## What is needed
From the first line of the data below through the line holding "doc.units = ezdxf.units.MM", output each line exactly and leave the pictures out.

## Entries supplied
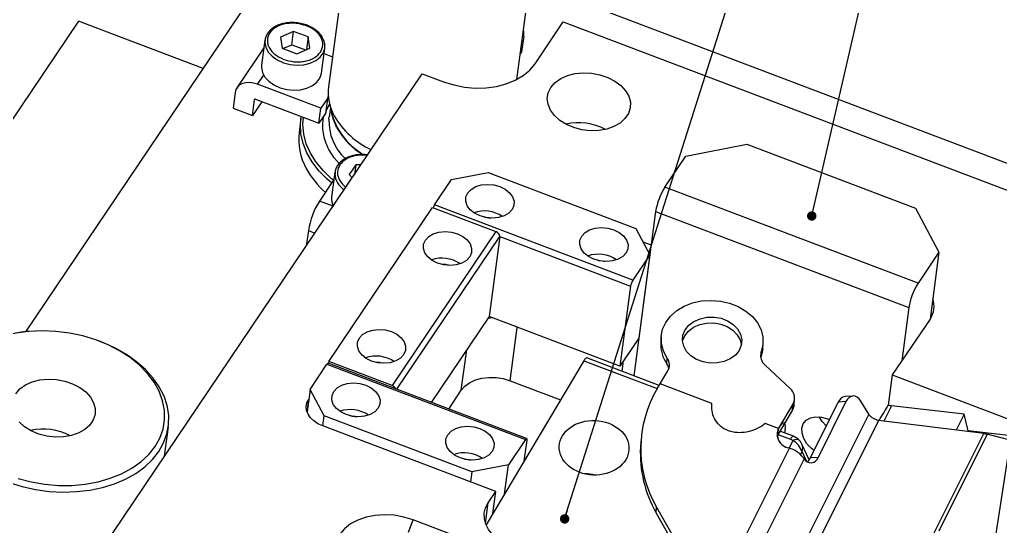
# Model space of a CAD drawing. Header units: millimetres. Extents: x 5 to 1533, y -1183 to 895.
# Drawn here: x 975 to 1080.6, y 230.2 to 284.8 of the extents above; entities that cross this region are included whole.
import ezdxf

# ---------------------------------------------------------------- set-up
doc = ezdxf.new("R2010")
doc.units = ezdxf.units.MM
doc.dimstyles.new('SLDDIMSTYLE2', dxfattribs={"dimtxt": 0.18, "dimasz": 1.016, "dimexe": 0, "dimexo": 0.0625, "dimgap": 0, "dimtad": 0, "dimtih": 1, "dimtoh": 1, "dimdec": 0, "dimrnd": 1e-09, "dimzin": 0, "dimdsep": 46, "dimtxsty": 'Standard', "dimblk1": 'DOT', "dimblk2": 'DOT', "dimsah": 1, "dimcen": 0.09, "dimadec": 0, "dimazin": 0, "dimtfac": 1.016, "dimtdec": 0, "dimtofl": 0, "dimtmove": 0, "dimatfit": 3, "dimldrblk": 'DOT', "dimfxl": 1, "dimfrac": 2, "dimtolj": 1, "dimtzin": 0, "dimarcsym": 0})

# ---------------------------------------------------------------- blocks, each defined once
blk = doc.blocks.new('_Dot')
at = {"color": 0, "linetype": 'ByBlock', "lineweight": -2}
blk.add_line((-0.5, 0), (-1, 0), dxfattribs=at)
at = {"color": 0, "linetype": 'ByBlock', "const_width": 0.5}
blk.add_lwpolyline([(-0.25, 0, 1), (0.25, 0, 1)], format="xyb", close=True, dxfattribs=at)

msp = doc.modelspace()

# ---------------------------------------------------------------- linework, layer by layer
at = {"color": 7, "linetype": 'Continuous', "lineweight": 25}
for p, q in [((1015.692, 333.82), (1008.222, 277.606)), ((1028.503, 278.396), (1035.517, 331.186)), ((975.621, 251.197), (1006.883, 297.618)), ((1029.896, 288.878), (1215.167, 218.512)), ((981.297, 284.673), (904.126, 170.083)), ((994.73, 279.571), (981.297, 284.673)), ((1030.455, 280.079), (1033.501, 284.602)), ((1033.501, 284.602), (1206.171, 219.023)), ((1004.445, 283.569), (1003.048, 282.963)), ((1004.254, 282.13), (1004.445, 283.569)), ((1006.019, 282.971), (1004.445, 283.569)), ((1029.236, 283.065), (1029.012, 281.375)), ((1001.377, 282.613), (1001.019, 279.917)), ((1001.377, 282.613), (1001.364, 282.463)), ((1003.048, 282.963), (1003.226, 281.759)), ((1003.318, 281.725), (1004.254, 282.13)), ((1004.254, 282.13), (1005.736, 281.567)), ((1006.019, 282.971), (1005.838, 281.612)), ((1006.197, 281.767), (1006.019, 282.971)), ((1001.269, 281.801), (998.361, 277.483)), ((1003.226, 281.759), (1004.8, 281.162)), ((1004.8, 281.162), (1006.197, 281.767)), ((1007.462, 279.061), (1007.82, 281.757)), ((1007.742, 281.169), (1008.65, 280.824)), ((1029.012, 281.375), (1028.871, 281.165)), ((969.581, 206.634), (1018.32, 279.007)), ((1018.32, 279.007), (1020.592, 278.144)), ((1007.397, 275.279), (1000.581, 277.868)), ((998.171, 276.97), (997.946, 275.28)), ((1000.036, 274.487), (1000.266, 276.212)), ((1001.049, 275.99), (1000.036, 274.487)), ((1000.366, 276.25), (1007.182, 273.661)), ((1008.109, 276.336), (1007.397, 275.279)), ((1008.109, 276.336), (1007.895, 274.724)), ((1008.195, 276.603), (1008.109, 276.336)), ((1008.317, 275.828), (1008.621, 274.545)), ((997.946, 275.28), (1000.036, 274.487)), ((1007.182, 273.661), (1007.397, 275.279)), ((1007.894, 274.718), (1007.182, 273.661)), ((1008.428, 275.361), (1008.297, 274.376)), ((1005.242, 274.16), (1005.051, 272.722)), ((1008.27, 274.108), (1008.297, 274.376)), ((1046.674, 270.112), (1053.249, 271.402)), ((1053.249, 271.402), (1071.425, 264.499)), ((1044.44, 266.795), (1046.674, 270.112)), ((1008.916, 268.389), (1008.558, 265.693)), ((1008.916, 268.389), (1008.904, 268.239)), ((1011.15, 269.181), (1010.447, 268.137)), ((1011.15, 269.181), (1011.015, 268.159)), ((1011.704, 269.183), (1011.15, 269.181)), ((1021.459, 267.588), (1025.404, 268.361)), ((1025.404, 268.361), (1041.308, 262.321)), ((1008.81, 267.592), (1007.253, 265.28)), ((1010.447, 268.137), (1010.774, 267.801)), ((1019.632, 264.874), (1021.459, 267.588)), ((1071.704, 256.44), (1044.44, 266.795)), ((1008.259, 247.987), (1019.428, 264.572)), ((1019.428, 264.572), (1026.244, 261.983)), ((1040.988, 256.762), (1019.632, 264.874)), ((1043.437, 264.151), (1041.086, 246.455)), ((1043.437, 264.151), (1070.701, 253.796)), ((1071.425, 264.499), (1073.938, 259.758)), ((1006.049, 262.106), (1005.831, 260.461)), ((1026.244, 261.983), (1015.075, 245.398)), ((1041.308, 262.321), (1042.816, 259.476)), ((1026.651, 261.451), (1025.504, 252.822)), ((1042.06, 260.903), (1042.96, 260.561)), ((1042.816, 259.476), (1040.988, 256.762)), ((1042.816, 259.476), (1041.621, 250.487)), ((1073.938, 259.758), (1071.704, 256.44)), ((1073.938, 259.758), (1072.982, 252.566)), ((1040.737, 256.101), (1039.591, 247.472)), ((1070.701, 253.796), (1069.936, 248.043)), ((1025.504, 252.822), (1019.28, 243.579)), ((1039.591, 247.472), (1025.504, 252.822)), ((1072.982, 252.566), (1068.921, 246.535)), ((975.91, 251.224), (975.749, 251.209)), ((1041.621, 250.487), (1039.591, 247.472)), ((1041.621, 250.487), (1039.997, 248.075)), ((1044.029, 250.62), (1043.991, 249.993)), ((983.578, 250.169), (983.426, 250.226)), ((1054.972, 249.338), (1055.009, 249.965)), ((1043.825, 245.414), (1036.029, 248.375)), ((1044.652, 247.735), (1044.689, 248.362)), ((1054.78, 248.402), (1054.817, 249.029)), ((1006.228, 244.971), (1008.056, 247.685)), ((1008.056, 247.685), (1029.412, 239.574)), ((1029.542, 239.682), (1008.186, 247.793)), ((1008.259, 247.987), (1008.231, 247.776)), ((1015.075, 245.398), (1008.259, 247.987)), ((1035.712, 248.067), (1025.186, 230.38)), ((1039.844, 246.926), (1039.997, 248.075)), ((1055.222, 247.596), (1057.926, 245.06)), ((1043.635, 245.096), (1044.75, 246.97)), ((1068.921, 246.535), (1068.489, 243.285)), ((1068.921, 246.535), (1090.732, 238.252)), ((1027.777, 245.917), (1033.205, 243.856)), ((1043.635, 245.096), (1043.928, 245.588)), ((1049.496, 243.473), (1043.928, 245.588)), ((1006.228, 244.971), (1005.909, 242.569)), ((1007.736, 242.126), (1006.228, 244.971)), ((1021.157, 242.866), (1022.517, 244.886)), ((1058.363, 243.34), (1058.401, 243.967)), ((1064.672, 244.268), (1063.845, 244.216)), ((1064.672, 244.268), (1063.845, 244.216)), ((1058.222, 243.395), (1056.675, 240.796)), ((1058.185, 242.768), (1058.222, 243.395)), ((1060.106, 237.605), (1063.104, 243.607)), ((1063.93, 243.66), (1060.932, 237.657)), ((1063.93, 243.66), (1063.104, 243.607)), ((1066.38, 242.314), (1065.52, 243.701)), ((1076.645, 242.313), (1068.827, 243.219)), ((1007.593, 241.048), (1007.736, 242.126)), ((1023.64, 236.086), (1007.736, 242.126)), ((1058.185, 242.768), (1056.638, 240.169)), ((1076.645, 242.313), (1075.787, 240.599)), ((1077.088, 240.512), (1076.645, 242.313)), ((990.558, 237.783), (990.979, 240.951)), ((1026.223, 233.972), (1007.593, 241.048)), ((1056.652, 240.755), (1055.245, 241.29)), ((1078.783, 240.224), (1067.441, 241.641)), ((1056.519, 239.909), (1056.638, 240.169)), ((1056.519, 239.909), (1056.614, 240.128)), ((1056.614, 240.128), (1056.652, 240.755)), ((1058.277, 239.926), (1056.931, 240.436)), ((1057.389, 240.708), (1057.332, 240.284)), ((1073.393, 229.448), (1078.783, 240.224)), ((1077.053, 240.441), (1077.088, 240.512)), ((1088.156, 239.23), (1077.088, 240.512)), ((1085.84, 238.366), (1079.151, 240.156)), ((1029.412, 239.574), (1027.585, 236.86)), ((1029.568, 239.516), (1029.264, 237.233)), ((1041.847, 239.384), (1041.809, 238.757)), ((1041.847, 239.384), (1041.809, 238.757)), ((1050.733, 224.428), (1057.836, 238.65)), ((1057.836, 238.65), (1057.775, 238.67)), ((1059.984, 237.398), (1059.186, 239.094)), ((1060.932, 237.657), (1060.106, 237.605)), ((1027.585, 236.86), (1023.64, 236.086)), ((1027.166, 233.706), (1027.585, 236.86)), ((1059.416, 237.505), (1052.308, 223.274)), ((1023.64, 236.086), (1023.497, 235.007)), ((1025.411, 232.766), (1026.223, 233.972)), ((1025.906, 231.59), (1026.223, 233.972)), ((1043.51, 231.671), (1043.547, 232.298)), ((1046.486, 226.383), (1043.51, 231.671)), ((1043.547, 232.298), (1046.523, 227.01)), ((1016.816, 229.594), (1017.318, 230.916)), ((1026.406, 227.465), (1017.318, 230.916))]:
    msp.add_line(p, q, dxfattribs=at)
at = {"color": 8, "linetype": 'Continuous', "lineweight": 25}
for p, q in [((1000.581, 277.868), (1001.243, 278.851)), ((1000.266, 276.212), (1000.29, 276.249)), ((1008.705, 264.729), (1007.253, 265.28)), ((1006.049, 262.106), (1006.758, 261.837)), ((1015.565, 244.99), (1026.651, 261.451)), ((1026.651, 261.451), (1040.737, 256.101)), ((1027.777, 245.917), (1028.541, 251.669)), ((1022.517, 244.886), (1023.097, 249.247)), ((1035.712, 248.067), (1043.617, 245.065)), ((1005.909, 242.569), (1006.085, 243.892)), ((1068.827, 243.219), (1068.003, 241.571)), ((1066.38, 242.314), (1036.29, 182.07)), ((1067.441, 241.641), (1037.464, 181.624)), ((1056.65, 240.373), (1056.688, 240.816)), ((1056.675, 240.796), (1056.675, 240.796)), ((1056.614, 240.128), (1057.959, 239.618)), ((1056.632, 240.159), (1056.632, 240.159)), ((1056.638, 240.169), (1056.642, 240.232)), ((1079.151, 240.156), (1073.92, 229.698)), ((1058.205, 239.462), (1057.804, 238.66)), ((1059.055, 237.934), (1059.207, 238.238)), ((1059.207, 238.238), (1059.686, 237.221)), ((1025.118, 230.561), (1025.411, 232.766))]:
    msp.add_line(p, q, dxfattribs=at)
at = {"color": 8, "linetype": 'Continuous', "lineweight": 25, "flags": 128}
for points in [[(1001.364, 282.463), (1001.364, 282.374), (1001.463, 281.85), (1001.731, 281.344), (1002.154, 280.883), (1002.709, 280.493), (1003.365, 280.193), (1004.088, 280.002), (1004.838, 279.928), (1005.576, 279.975), (1006.261, 280.142), (1006.856, 280.419), (1007.33, 280.791), (1007.656, 281.239), (1007.741, 281.434)], [(1009.351, 269.335), (1008.842, 269.946), (1008.266, 270.851)], [(1058.276, 239.926), (1058.26, 239.929), (1058.2, 239.911), (1058.128, 239.851), (1058.046, 239.752), (1057.959, 239.618)], [(1058.205, 239.462), (1058.343, 239.536), (1058.476, 239.587), (1058.599, 239.614), (1058.708, 239.616), (1058.8, 239.593), (1058.872, 239.546), (1058.873, 239.544)]]:
    msp.add_lwpolyline(points, dxfattribs=at)
at = {"color": 7, "linetype": 'Continuous', "lineweight": 25, "flags": 128}
for points in [[(1007.741, 281.434), (1007.817, 281.737), (1007.82, 281.757)], [(1001.019, 279.917), (1001.006, 279.677), (1001.105, 279.153), (1001.373, 278.647), (1001.796, 278.186), (1002.35, 277.796), (1003.007, 277.497), (1003.73, 277.305), (1004.48, 277.231), (1005.218, 277.279), (1005.903, 277.445), (1006.498, 277.722), (1006.971, 278.095), (1007.298, 278.542), (1007.459, 279.04), (1007.462, 279.061)], [(1020.592, 278.144), (1021.696, 277.795), (1022.848, 277.566), (1024.019, 277.462), (1025.181, 277.487), (1026.304, 277.639), (1027.362, 277.915), (1028.329, 278.307), (1029.18, 278.808), (1029.894, 279.403), (1030.455, 280.079)], [(1032.166, 277.536), (1032.617, 278.05), (1033.218, 278.48), (1033.943, 278.808), (1034.762, 279.02), (1035.643, 279.107), (1036.549, 279.067), (1037.442, 278.9), (1038.288, 278.614), (1039.05, 278.22), (1039.697, 277.735), (1040.204, 277.178), (1040.549, 276.572), (1040.718, 275.941), (1040.704, 275.313), (1040.509, 274.712), (1040.139, 274.163), (1039.61, 273.688), (1038.944, 273.307), (1038.168, 273.036), (1037.313, 272.886), (1036.415, 272.862), (1035.511, 272.966), (1034.637, 273.193), (1033.829, 273.535), (1033.121, 273.977), (1032.541, 274.501), (1032.113, 275.085), (1031.854, 275.707), (1031.776, 276.339), (1031.881, 276.958), (1032.166, 277.536)], [(1000.581, 277.868), (1000.151, 277.996), (999.729, 278.054), (999.331, 278.037), (998.972, 277.948), (998.666, 277.79), (998.424, 277.568), (998.257, 277.291), (998.171, 276.97)], [(1000.366, 276.25), (1000.348, 276.255), (1000.33, 276.258), (1000.314, 276.257), (1000.299, 276.253), (1000.286, 276.247), (1000.276, 276.237), (1000.269, 276.226), (1000.266, 276.212)], [(1009.118, 273.176), (1008.741, 274.06), (1008.554, 274.831)], [(1008.564, 267.225), (1008.046, 267.669), (1007.175, 268.556), (1006.451, 269.498), (1005.884, 270.483), (1005.482, 271.496), (1005.251, 272.523), (1005.193, 273.551), (1005.276, 274.385)], [(1008.76, 267.518), (1008.551, 267.691), (1007.64, 268.558), (1006.875, 269.485), (1006.267, 270.459), (1005.825, 271.465), (1005.556, 272.49), (1005.463, 273.517), (1005.512, 274.295)], [(1023.211, 266.165), (1023.569, 266.544), (1024.064, 266.835), (1024.664, 267.019), (1025.328, 267.083), (1026.009, 267.022), (1026.663, 266.842), (1027.244, 266.553), (1027.713, 266.177), (1028.038, 265.738), (1028.196, 265.266), (1028.177, 264.793), (1027.983, 264.353), (1027.625, 263.974), (1027.13, 263.682), (1026.53, 263.499), (1025.866, 263.435), (1025.185, 263.495), (1024.531, 263.676), (1023.95, 263.964), (1023.481, 264.341), (1023.156, 264.78), (1022.998, 265.252), (1023.017, 265.724), (1023.211, 266.165)], [(1025.02, 263.529), (1025.496, 263.487), (1025.703, 263.438)], [(1019.967, 258.593), (1019.386, 258.881), (1018.917, 259.258), (1018.592, 259.697), (1018.434, 260.169), (1018.453, 260.641), (1018.647, 261.082), (1019.004, 261.461), (1019.5, 261.752), (1020.1, 261.936), (1020.763, 262), (1021.445, 261.94), (1022.099, 261.759), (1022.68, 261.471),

## Exercise response
# Model space of a CAD drawing. Header units: millimetres. Extents: x 5 to 1533, y -1183 to 895.
# Drawn here: x 975 to 1080.6, y 230.2 to 284.8 of the extents above; entities that cross this region are included whole.
import ezdxf

# ---------------------------------------------------------------- set-up
doc = ezdxf.new("R2010")
doc.units = ezdxf.units.MM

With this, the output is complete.